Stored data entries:

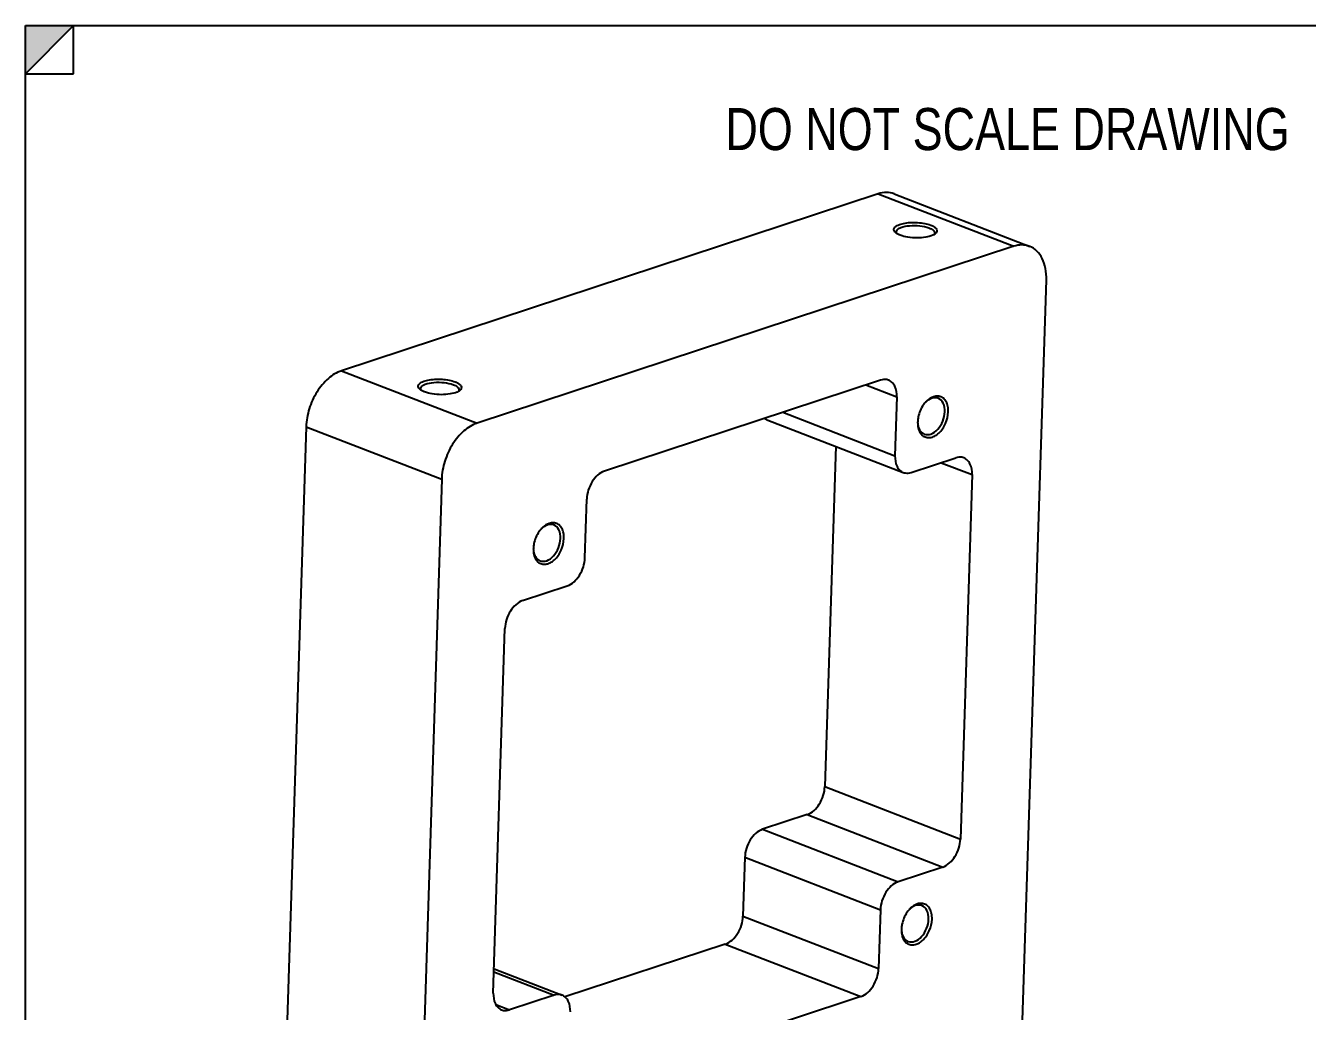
# Model space of a CAD drawing. Header units: inches. Extents: x 0.1 to 16.4, y 0 to 11.6.
# Drawn here: x 0.276 to 4.48, y 8.344 to 11.575 of the extents above; entities that cross this region are included whole.
import ezdxf

# ---------------------------------------------------------------- set-up
doc = ezdxf.new("R2010")
doc.units = ezdxf.units.IN
doc.header["$LTSCALE"] = 0.909449
doc.header["$MEASUREMENT"] = 0
doc.layers.get('0').update_dxf_attribs({"linetype": 'CONTINUOUS'})
doc.layers.add('02___PRT_ALL_AXES', color=7, linetype='CONTINUOUS')
doc.styles.get("Standard").update_dxf_attribs({"font": 'txt', "width": 0.8})

msp = doc.modelspace()

# ---------------------------------------------------------------- hatches: boundary and pattern name
at = {"linetype": 'CONTINUOUS'}
h = msp.add_hatch(color=2, dxfattribs=at)
edge = h.paths.add_edge_path()
edge.add_line((0.2756, 11.5748), (0.4331, 11.5748))
edge.add_line((0.2756, 11.4173), (0.2756, 11.5748))
edge.add_line((0.2756, 11.4173), (0.4331, 11.5748))

# ---------------------------------------------------------------- linework, layer by layer
at = {"color": 7, "linetype": 'CONTINUOUS'}
for p, q in [((0.2756, 11.4173), (0.4331, 11.5748)), ((0.2756, 11.4173), (0.2756, 11.5748)), ((0.2756, 11.5748), (0.4331, 11.5748)), ((0.4331, 11.4173), (0.4331, 11.5748)), ((0.4331, 11.5748), (16.2598, 11.5748)), ((0.2756, 0.4331), (0.2756, 11.4173)), ((0.2756, 11.4173), (0.4331, 11.4173)), ((3.0722, 11.0234), (1.3117, 10.4435)), ((3.0722, 11.0234), (3.517, 10.8514)), ((3.1321, 10.8939), (3.1286, 10.8967)), ((3.2563, 10.8917), (3.255, 10.8896)), ((3.517, 10.8514), (1.7564, 10.2715)), ((3.527, 7.7206), (3.6237, 10.7411)), ((1.3117, 10.4435), (1.7564, 10.2715)), ((3.08, 10.413), (2.1743, 10.1147)), ((3.0318, 10.3971), (3.1334, 10.3578)), ((1.5721, 10.3802), (1.5686, 10.383)), ((1.6963, 10.3779), (1.695, 10.3758)), ((3.1334, 10.3578), (3.1272, 10.1651)), ((2.7594, 10.3074), (3.1272, 10.1651)), ((1.1956, 10.2599), (1.0988, 7.2393)), ((1.1956, 10.2599), (1.6403, 10.0879)), ((3.2016, 10.2758), (3.2016, 10.2734)), ((2.9327, 10.1958), (2.897, 9.0802)), ((3.1806, 10.11), (3.3266, 10.1581)), ((3.2784, 10.1422), (3.38, 10.1029)), ((3.38, 10.1029), (3.3417, 8.9083)), ((1.6403, 10.0879), (1.5436, 7.0673)), ((2.1101, 9.8301), (2.1163, 10.0228)), ((1.941, 9.8607), (1.9409, 9.8582)), ((1.9059, 9.6902), (2.052, 9.7383)), ((1.8096, 8.4037), (1.8479, 9.5983)), ((2.897, 9.0802), (3.3417, 8.9083)), ((2.8389, 8.9884), (2.6929, 8.9403)), ((2.8389, 8.9884), (3.2837, 8.8164)), ((2.6929, 8.9403), (3.1376, 8.7683)), ((2.6348, 8.8485), (2.6286, 8.6558)), ((2.6348, 8.8485), (3.0795, 8.6765)), ((3.2837, 8.8164), (3.1376, 8.7683)), ((3.0795, 8.6765), (3.0734, 8.4838)), ((2.6286, 8.6558), (3.0734, 8.4838)), ((3.1484, 8.6129), (3.1483, 8.6105)), ((2.5706, 8.5639), (2.0442, 8.3906)), ((2.5706, 8.5639), (3.0153, 8.3919)), ((1.8118, 8.4729), (2.0091, 8.3966)), ((2.0091, 8.3966), (1.863, 8.3485)), ((3.0153, 8.3919), (2.1096, 8.0936)), ((1.8184, 8.3658), (1.863, 8.3485))]:
    msp.add_line(p, q, dxfattribs=at)
for centre, radius, start, end in [((3.1394, 10.8988), 0.00827, 178.2488, 190.0503), ((1.5794, 10.385), 0.00827, 178.2488, 190.0503), ((3.2875, 10.286), 0.0809, 132.4906, 138.0014), ((3.2963, 10.2782), 0.0927, 139.616, 144.8909), ((3.2922, 10.2817), 0.0873, 137.9493, 139.5834), ((3.2904, 10.273), 0.0888, 177.0407, 177.728), ((3.2892, 10.273), 0.0876, 177.7286, 178.1659), ((2.0357, 9.8631), 0.0927, 139.616, 144.8909), ((2.0315, 9.8665), 0.0873, 137.9493, 139.5834), ((2.0268, 9.8709), 0.0809, 132.4906, 138.0014), ((2.0297, 9.8578), 0.0888, 177.0407, 177.728), ((2.0285, 9.8579), 0.0876, 177.7286, 178.1659), ((3.2431, 8.6153), 0.0927, 139.616, 144.8909), ((3.2389, 8.6188), 0.0873, 137.9493, 139.5834), ((3.2342, 8.6231), 0.0809, 132.4906, 138.0014), ((3.2371, 8.6101), 0.0888, 177.0407, 177.728), ((3.2359, 8.6101), 0.0876, 177.7286, 178.1659)]:
    msp.add_arc(centre, radius, start, end, dxfattribs=at)
for points, knots in [([(3.1243, 11.0233), (3.1164, 11.0263), (3.0986, 11.0295), (3.0809, 11.0262), (3.0722, 11.0234)], [0, 0, 0, 0, 0.482355, 1, 1, 1, 1]), ([(3.1286, 10.8967), (3.1261, 10.899), (3.1229, 10.9033), (3.1238, 10.91), (3.1268, 10.9143), (3.1315, 10.9181), (3.141, 10.923), (3.1565, 10.9274), (3.178, 10.93), (3.2013, 10.9299), (3.2239, 10.9271), (3.2381, 10.9233), (3.2444, 10.9209)], [0, 0, 0, 0, 0.070514, 0.101329, 0.136118, 0.178692, 0.230511, 0.360837, 0.518709, 0.689173, 0.855048, 1, 1, 1, 1]), ([(3.1319, 10.9023), (3.1329, 10.9046), (3.1375, 10.9091), (3.1517, 10.9159), (3.1764, 10.9201), (3.2077, 10.9196), (3.2291, 10.9153), (3.2386, 10.9117)], [0, 0, 0, 0, 0.068315, 0.162474, 0.421988, 0.726977, 1, 1, 1, 1]), ([(3.1442, 10.8878), (3.143, 10.8883), (3.1388, 10.89), (3.1348, 10.8921), (3.1321, 10.8939)], [0, 0, 0, 0, 0.274328, 1, 1, 1, 1]), ([(3.2386, 10.9117), (3.2436, 10.9098), (3.2515, 10.9064), (3.2571, 10.8983), (3.257, 10.895)], [0, 0, 0, 0, 0.612182, 1, 1, 1, 1]), ([(3.2444, 10.9209), (3.2488, 10.9192), (3.256, 10.9157), (3.2644, 10.9086), (3.2659, 10.8988), (3.2617, 10.8944), (3.2594, 10.8925)], [0, 0, 0, 0, 0.345392, 0.593935, 0.780899, 1, 1, 1, 1]), ([(3.2594, 10.8925), (3.2588, 10.8921), (3.2562, 10.8901), (3.2533, 10.8886), (3.251, 10.8875)], [0, 0, 0, 0, 0.225729, 1, 1, 1, 1]), ([(3.251, 10.8875), (3.2438, 10.8843), (3.2265, 10.8801), (3.199, 10.8782), (3.1706, 10.8804), (3.1523, 10.8847), (3.1442, 10.8878)], [0, 0, 0, 0, 0.217728, 0.484404, 0.759425, 1, 1, 1, 1]), ([(3.5691, 10.8513), (3.5611, 10.8543), (3.5433, 10.8575), (3.5256, 10.8542), (3.517, 10.8514)], [0, 0, 0, 0, 0.482355, 1, 1, 1, 1]), ([(3.6237, 10.7411), (3.6241, 10.7537), (3.6226, 10.7779), (3.6123, 10.8109), (3.5945, 10.8368), (3.5778, 10.8479), (3.5691, 10.8513)], [0, 0, 0, 0, 0.290744, 0.552379, 0.785411, 1, 1, 1, 1]), ([(1.3117, 10.4435), (1.2959, 10.4383), (1.2647, 10.4187), (1.2287, 10.3748), (1.2036, 10.3201), (1.1962, 10.2798), (1.1956, 10.2599)], [0, 0, 0, 0, 0.218204, 0.469507, 0.737701, 1, 1, 1, 1]), ([(1.5686, 10.383), (1.5662, 10.3852), (1.5629, 10.3896), (1.5639, 10.3962), (1.5668, 10.4005), (1.5716, 10.4043), (1.581, 10.4093), (1.5965, 10.4136), (1.618, 10.4162), (1.6414, 10.4161), (1.6639, 10.4133), (1.6781, 10.4095), (1.6845, 10.4071)], [0, 0, 0, 0, 0.070514, 0.101329, 0.136118, 0.178692, 0.230511, 0.360837, 0.518709, 0.689173, 0.855048, 1, 1, 1, 1]), ([(1.5719, 10.3885), (1.573, 10.3908), (1.5775, 10.3953), (1.5918, 10.4021), (1.6164, 10.4063), (1.6477, 10.4058), (1.6692, 10.4016), (1.6787, 10.3979)], [0, 0, 0, 0, 0.068315, 0.162474, 0.421988, 0.726977, 1, 1, 1, 1]), ([(1.6787, 10.3979), (1.6836, 10.396), (1.6915, 10.3926), (1.6972, 10.3845), (1.6971, 10.3812)], [0, 0, 0, 0, 0.612182, 1, 1, 1, 1]), ([(1.6845, 10.4071), (1.6888, 10.4054), (1.696, 10.4019), (1.7044, 10.3948), (1.7059, 10.3851), (1.7018, 10.3806), (1.6995, 10.3788)], [0, 0, 0, 0, 0.345392, 0.593935, 0.780899, 1, 1, 1, 1]), ([(3.106, 10.4129), (3.1041, 10.4137), (3.0956, 10.4161), (3.0863, 10.415), (3.08, 10.413)], [0, 0, 0, 0, 0.240614, 1, 1, 1, 1]), ([(3.1334, 10.3578), (3.1337, 10.3697), (3.1313, 10.3875), (3.1188, 10.4057), (3.1104, 10.4112), (3.106, 10.4129)], [0, 0, 0, 0, 0.550557, 0.784541, 1, 1, 1, 1]), ([(1.5842, 10.3741), (1.583, 10.3745), (1.5789, 10.3762), (1.5748, 10.3783), (1.5721, 10.3802)], [0, 0, 0, 0, 0.274328, 1, 1, 1, 1]), ([(1.691, 10.3738), (1.6838, 10.3705), (1.6665, 10.3663), (1.639, 10.3644), (1.6107, 10.3666), (1.5923, 10.3709), (1.5842, 10.3741)], [0, 0, 0, 0, 0.217728, 0.484404, 0.759425, 1, 1, 1, 1]), ([(1.6995, 10.3788), (1.6989, 10.3783), (1.6962, 10.3764), (1.6933, 10.3748), (1.691, 10.3738)], [0, 0, 0, 0, 0.225729, 1, 1, 1, 1]), ([(3.261, 10.3602), (3.2586, 10.3598), (3.2482, 10.3573), (3.2389, 10.3512), (3.2329, 10.3457)], [0, 0, 0, 0, 0.228856, 1, 1, 1, 1]), ([(3.2689, 10.3533), (3.2637, 10.3553), (3.2506, 10.3558), (3.2395, 10.3498), (3.2342, 10.3459)], [0, 0, 0, 0, 0.461583, 1, 1, 1, 1]), ([(3.2908, 10.3092), (3.2911, 10.3187), (3.289, 10.3365), (3.276, 10.3505), (3.2689, 10.3533)], [0, 0, 0, 0, 0.554958, 1, 1, 1, 1]), ([(3.3019, 10.3089), (3.3021, 10.3149), (3.3013, 10.3263), (3.2961, 10.3418), (3.2871, 10.3537), (3.2788, 10.3582), (3.2745, 10.3594)], [0, 0, 0, 0, 0.2925, 0.553763, 0.785201, 1, 1, 1, 1]), ([(3.2205, 10.3315), (3.2122, 10.3197), (3.2044, 10.3013), (3.2019, 10.2823), (3.2017, 10.2776)], [0, 0, 0, 0, 0.754118, 1, 1, 1, 1]), ([(3.2173, 10.2316), (3.2207, 10.2287), (3.2288, 10.2243), (3.2432, 10.2237), (3.2578, 10.2289), (3.2769, 10.2429), (3.295, 10.2699), (3.3015, 10.2957), (3.3019, 10.3089)], [0, 0, 0, 0, 0.096828, 0.195937, 0.305865, 0.43013, 0.711415, 1, 1, 1, 1]), ([(3.2235, 10.2358), (3.2303, 10.2331), (3.2482, 10.2343), (3.2698, 10.2516), (3.2856, 10.2777), (3.2904, 10.2987), (3.2908, 10.3092)], [0, 0, 0, 0, 0.195557, 0.436849, 0.717429, 1, 1, 1, 1]), ([(1.7564, 10.2715), (1.7406, 10.2663), (1.7094, 10.2467), (1.6734, 10.2028), (1.6483, 10.1481), (1.6409, 10.1078), (1.6403, 10.0879)], [0, 0, 0, 0, 0.218204, 0.469507, 0.737701, 1, 1, 1, 1]), ([(3.2016, 10.2734), (3.2016, 10.2691), (3.2025, 10.2541), (3.209, 10.2385), (3.2173, 10.2316)], [0, 0, 0, 0, 0.285477, 1, 1, 1, 1]), ([(3.2032, 10.2624), (3.2046, 10.2564), (3.209, 10.2454), (3.2185, 10.2377), (3.2235, 10.2358)], [0, 0, 0, 0, 0.535619, 1, 1, 1, 1]), ([(3.1272, 10.1651), (3.1268, 10.1532), (3.1293, 10.1354), (3.1418, 10.1172), (3.1502, 10.1117), (3.1545, 10.11)], [0, 0, 0, 0, 0.550557, 0.784541, 1, 1, 1, 1]), ([(3.3527, 10.158), (3.3507, 10.1588), (3.3422, 10.1612), (3.333, 10.1602), (3.3266, 10.1581)], [0, 0, 0, 0, 0.240614, 1, 1, 1, 1]), ([(3.38, 10.1029), (3.3804, 10.1149), (3.3779, 10.1326), (3.3654, 10.1508), (3.357, 10.1563), (3.3527, 10.158)], [0, 0, 0, 0, 0.550557, 0.784541, 1, 1, 1, 1]), ([(2.1743, 10.1147), (2.1576, 10.1092), (2.1286, 10.0801), (2.1169, 10.0429), (2.1163, 10.0228)], [0, 0, 0, 0, 0.468102, 1, 1, 1, 1]), ([(3.1545, 10.11), (3.1565, 10.1093), (3.165, 10.1069), (3.1742, 10.1079), (3.1806, 10.11)], [0, 0, 0, 0, 0.240614, 1, 1, 1, 1]), ([(2.0003, 9.945), (1.9979, 9.9447), (1.9875, 9.9421), (1.9783, 9.936), (1.9722, 9.9305)], [0, 0, 0, 0, 0.228856, 1, 1, 1, 1]), ([(2.0083, 9.9381), (2.003, 9.9401), (1.99, 9.9406), (1.9788, 9.9346), (1.9736, 9.9307)], [0, 0, 0, 0, 0.461583, 1, 1, 1, 1]), ([(2.0301, 9.894), (2.0304, 9.9035), (2.0283, 9.9213), (2.0154, 9.9353), (2.0083, 9.9381)], [0, 0, 0, 0, 0.554958, 1, 1, 1, 1]), ([(2.0413, 9.8937), (2.0414, 9.8997), (2.0407, 9.9112), (2.0355, 9.9267), (2.0265, 9.9385), (2.0181, 9.943), (2.0139, 9.9442)], [0, 0, 0, 0, 0.2925, 0.553763, 0.785201, 1, 1, 1, 1]), ([(1.9599, 9.9163), (1.9515, 9.9045), (1.9438, 9.8862), (1.9413, 9.8671), (1.941, 9.8624)], [0, 0, 0, 0, 0.754118, 1, 1, 1, 1]), ([(1.9567, 9.8164), (1.96, 9.8135), (1.9682, 9.8091), (1.9825, 9.8085), (1.9971, 9.8137), (2.0163, 9.8277), (2.0344, 9.8547), (2.0408, 9.8805), (2.0413, 9.8937)], [0, 0, 0, 0, 0.096828, 0.195937, 0.305865, 0.43013, 0.711415, 1, 1, 1, 1]), ([(1.9628, 9.8206), (1.9696, 9.8179), (1.9875, 9.8191), (2.0092, 9.8364), (2.025, 9.8625), (2.0298, 9.8835), (2.0301, 9.894)], [0, 0, 0, 0, 0.195557, 0.436849, 0.717429, 1, 1, 1, 1]), ([(1.9409, 9.8582), (1.9409, 9.8539), (1.9419, 9.8389), (1.9484, 9.8234), (1.9567, 9.8164)], [0, 0, 0, 0, 0.285477, 1, 1, 1, 1]), ([(1.9426, 9.8472), (1.944, 9.8412), (1.9484, 9.8302), (1.9579, 9.8225), (1.9628, 9.8206)], [0, 0, 0, 0, 0.535619, 1, 1, 1, 1]), ([(2.052, 9.7383), (2.0688, 9.7438), (2.0977, 9.7728), (2.1095, 9.8101), (2.1101, 9.8301)], [0, 0, 0, 0, 0.468102, 1, 1, 1, 1]), ([(1.9059, 9.6902), (1.8892, 9.6847), (1.8602, 9.6556), (1.8485, 9.6184), (1.8479, 9.5983)], [0, 0, 0, 0, 0.468102, 1, 1, 1, 1]), ([(2.8389, 8.9884), (2.8557, 8.9939), (2.8847, 9.023), (2.8964, 9.0602), (2.897, 9.0802)], [0, 0, 0, 0, 0.468102, 1, 1, 1, 1]), ([(2.6929, 8.9403), (2.6761, 8.9348), (2.6471, 8.9057), (2.6354, 8.8685), (2.6348, 8.8485)], [0, 0, 0, 0, 0.468102, 1, 1, 1, 1]), ([(3.2837, 8.8164), (3.3004, 8.8219), (3.3294, 8.851), (3.3411, 8.8882), (3.3417, 8.9083)], [0, 0, 0, 0, 0.468102, 1, 1, 1, 1]), ([(3.1376, 8.7683), (3.1209, 8.7628), (3.0919, 8.7338), (3.0802, 8.6965), (3.0795, 8.6765)], [0, 0, 0, 0, 0.468102, 1, 1, 1, 1]), ([(3.1673, 8.6686), (3.1589, 8.6568), (3.1512, 8.6384), (3.1487, 8.6194), (3.1484, 8.6146)], [0, 0, 0, 0, 0.754118, 1, 1, 1, 1]), ([(3.2077, 8.6972), (3.2053, 8.6969), (3.1949, 8.6944), (3.1857, 8.6883), (3.1796, 8.6827)], [0, 0, 0, 0, 0.228856, 1, 1, 1, 1]), ([(3.2157, 8.6903), (3.2104, 8.6924), (3.1974, 8.6928), (3.1862, 8.6869), (3.181, 8.683)], [0, 0, 0, 0, 0.461583, 1, 1, 1, 1]), ([(3.2375, 8.6463), (3.2378, 8.6558), (3.2357, 8.6736), (3.2228, 8.6876), (3.2157, 8.6903)], [0, 0, 0, 0, 0.554958, 1, 1, 1, 1]), ([(3.2487, 8.6459), (3.2488, 8.6519), (3.2481, 8.6634), (3.2429, 8.6789), (3.2339, 8.6907), (3.2255, 8.6953), (3.2213, 8.6964)], [0, 0, 0, 0, 0.2925, 0.553763, 0.785201, 1, 1, 1, 1]), ([(2.5706, 8.5639), (2.5873, 8.5694), (2.6163, 8.5985), (2.628, 8.6357), (2.6286, 8.6558)], [0, 0, 0, 0, 0.468102, 1, 1, 1, 1]), ([(3.1641, 8.5686), (3.1674, 8.5658), (3.1756, 8.5614), (3.1899, 8.5608), (3.2045, 8.5659), (3.2237, 8.5799), (3.2418, 8.6069), (3.2482, 8.6328), (3.2487, 8.6459)], [0, 0, 0, 0, 0.096828, 0.195937, 0.305865, 0.43013, 0.711415, 1, 1, 1, 1]), ([(3.1702, 8.5728), (3.177, 8.5702), (3.1949, 8.5714), (3.2166, 8.5887), (3.2324, 8.6147), (3.2372, 8.6357), (3.2375, 8.6463)], [0, 0, 0, 0, 0.195557, 0.436849, 0.717429, 1, 1, 1, 1]), ([(3.1483, 8.6105), (3.1483, 8.6061), (3.1493, 8.5911), (3.1558, 8.5756), (3.1641, 8.5686)], [0, 0, 0, 0, 0.285477, 1, 1, 1, 1]), ([(3.15, 8.5995), (3.1514, 8.5935), (3.1558, 8.5824), (3.1653, 8.5747), (3.1702, 8.5728)], [0, 0, 0, 0, 0.535619, 1, 1, 1, 1]), ([(3.0153, 8.3919), (3.032, 8.3974), (3.061, 8.4265), (3.0727, 8.4637), (3.0734, 8.4838)], [0, 0, 0, 0, 0.468102, 1, 1, 1, 1]), ([(1.8096, 8.4037), (1.8093, 8.3917), (1.8117, 8.374), (1.8242, 8.3558), (1.8326, 8.3502), (1.8369, 8.3486)], [0, 0, 0, 0, 0.550557, 0.784541, 1, 1, 1, 1]), ([(2.0351, 8.3966), (2.0331, 8.3973), (2.0247, 8.3997), (2.0154, 8.3987), (2.0091, 8.3966)], [0, 0, 0, 0, 0.240614, 1, 1, 1, 1]), ([(2.0624, 8.3415), (2.0628, 8.3534), (2.0603, 8.3712), (2.0479, 8.3893), (2.0395, 8.3949), (2.0351, 8.3966)], [0, 0, 0, 0, 0.550557, 0.784541, 1, 1, 1, 1]), ([(1.8369, 8.3486), (1.8389, 8.3478), (1.8474, 8.3454), (1.8567, 8.3464), (1.863, 8.3485)], [0, 0, 0, 0, 0.240614, 1, 1, 1, 1])]:
    msp.add_open_spline(points, degree=3, knots=knots, dxfattribs=at)
for points in [[(3.1311, 10.899), (3.1311, 10.9001), (3.1314, 10.9013), (3.1319, 10.9023)], [(3.1329, 10.8933), (3.1321, 10.8945), (3.1315, 10.8959), (3.1312, 10.8973)], [(3.257, 10.895), (3.257, 10.8939), (3.2567, 10.8927), (3.2563, 10.8917)], [(1.5711, 10.3852), (1.5712, 10.3864), (1.5715, 10.3875), (1.5719, 10.3885)], [(1.573, 10.3795), (1.5722, 10.3807), (1.5715, 10.3821), (1.5713, 10.3835)], [(1.6971, 10.3812), (1.697, 10.3801), (1.6967, 10.379), (1.6963, 10.3779)], [(3.2342, 10.3459), (3.2319, 10.3441), (3.2296, 10.3422), (3.2275, 10.3401)], [(3.2745, 10.3594), (3.2702, 10.3606), (3.2655, 10.3608), (3.261, 10.3602)], [(2.7004, 10.2875), (2.7032, 10.2852), (2.7064, 10.2833), (2.7098, 10.282)], [(3.2017, 10.2733), (3.2019, 10.2696), (3.2024, 10.266), (3.2032, 10.2624)], [(1.9736, 9.9307), (1.9712, 9.9289), (1.969, 9.927), (1.9669, 9.9249)], [(2.0139, 9.9442), (2.0095, 9.9454), (2.0048, 9.9456), (2.0003, 9.945)], [(1.9411, 9.8581), (1.9413, 9.8544), (1.9417, 9.8508), (1.9426, 9.8472)], [(3.181, 8.683), (3.1786, 8.6812), (3.1764, 8.6793), (3.1743, 8.6772)], [(3.2213, 8.6964), (3.2169, 8.6977), (3.2122, 8.6979), (3.2077, 8.6972)], [(3.1485, 8.6104), (3.1487, 8.6067), (3.1491, 8.603), (3.15, 8.5995)]]:
    msp.add_open_spline(points, degree=3, dxfattribs=at)
at = {"layer": '02___PRT_ALL_AXES', "color": 7, "linetype": 'CONTINUOUS'}
for p, q in [((3.1243, 11.0233), (3.5691, 10.8513)), ((2.7098, 10.282), (3.1545, 10.11)), ((1.8122, 8.4828), (2.0351, 8.3966))]:
    msp.add_line(p, q, dxfattribs=at)

# ---------------------------------------------------------------- texts
at = {"color": 2, "linetype": 'CONTINUOUS', "insert": (3.4964, 11.3047), "char_height": 0.137795, "width": 2.204724, "attachment_point": 2, "line_spacing_factor": 0.9}
msp.add_mtext('DO NOT SCALE DRAWING', dxfattribs=at)

doc.saveas('drawing.dxf')

### Activity:
Your answer must be an exact copy of the lines from the start of the entries through the line with "msp = doc.modelspace()", with no pictures.

### Output below:
# Model space of a CAD drawing. Header units: inches. Extents: x 0.1 to 16.4, y 0 to 11.6.
# Drawn here: x 0.276 to 4.48, y 8.344 to 11.575 of the extents above; entities that cross this region are included whole.
import ezdxf

# ---------------------------------------------------------------- set-up
doc = ezdxf.new("R2010")
doc.units = ezdxf.units.IN
doc.header["$LTSCALE"] = 0.909449
doc.header["$MEASUREMENT"] = 0
doc.layers.get('0').update_dxf_attribs({"linetype": 'CONTINUOUS'})
doc.layers.add('02___PRT_ALL_AXES', color=7, linetype='CONTINUOUS')
doc.styles.get("Standard").update_dxf_attribs({"font": 'txt', "width": 0.8})

msp = doc.modelspace()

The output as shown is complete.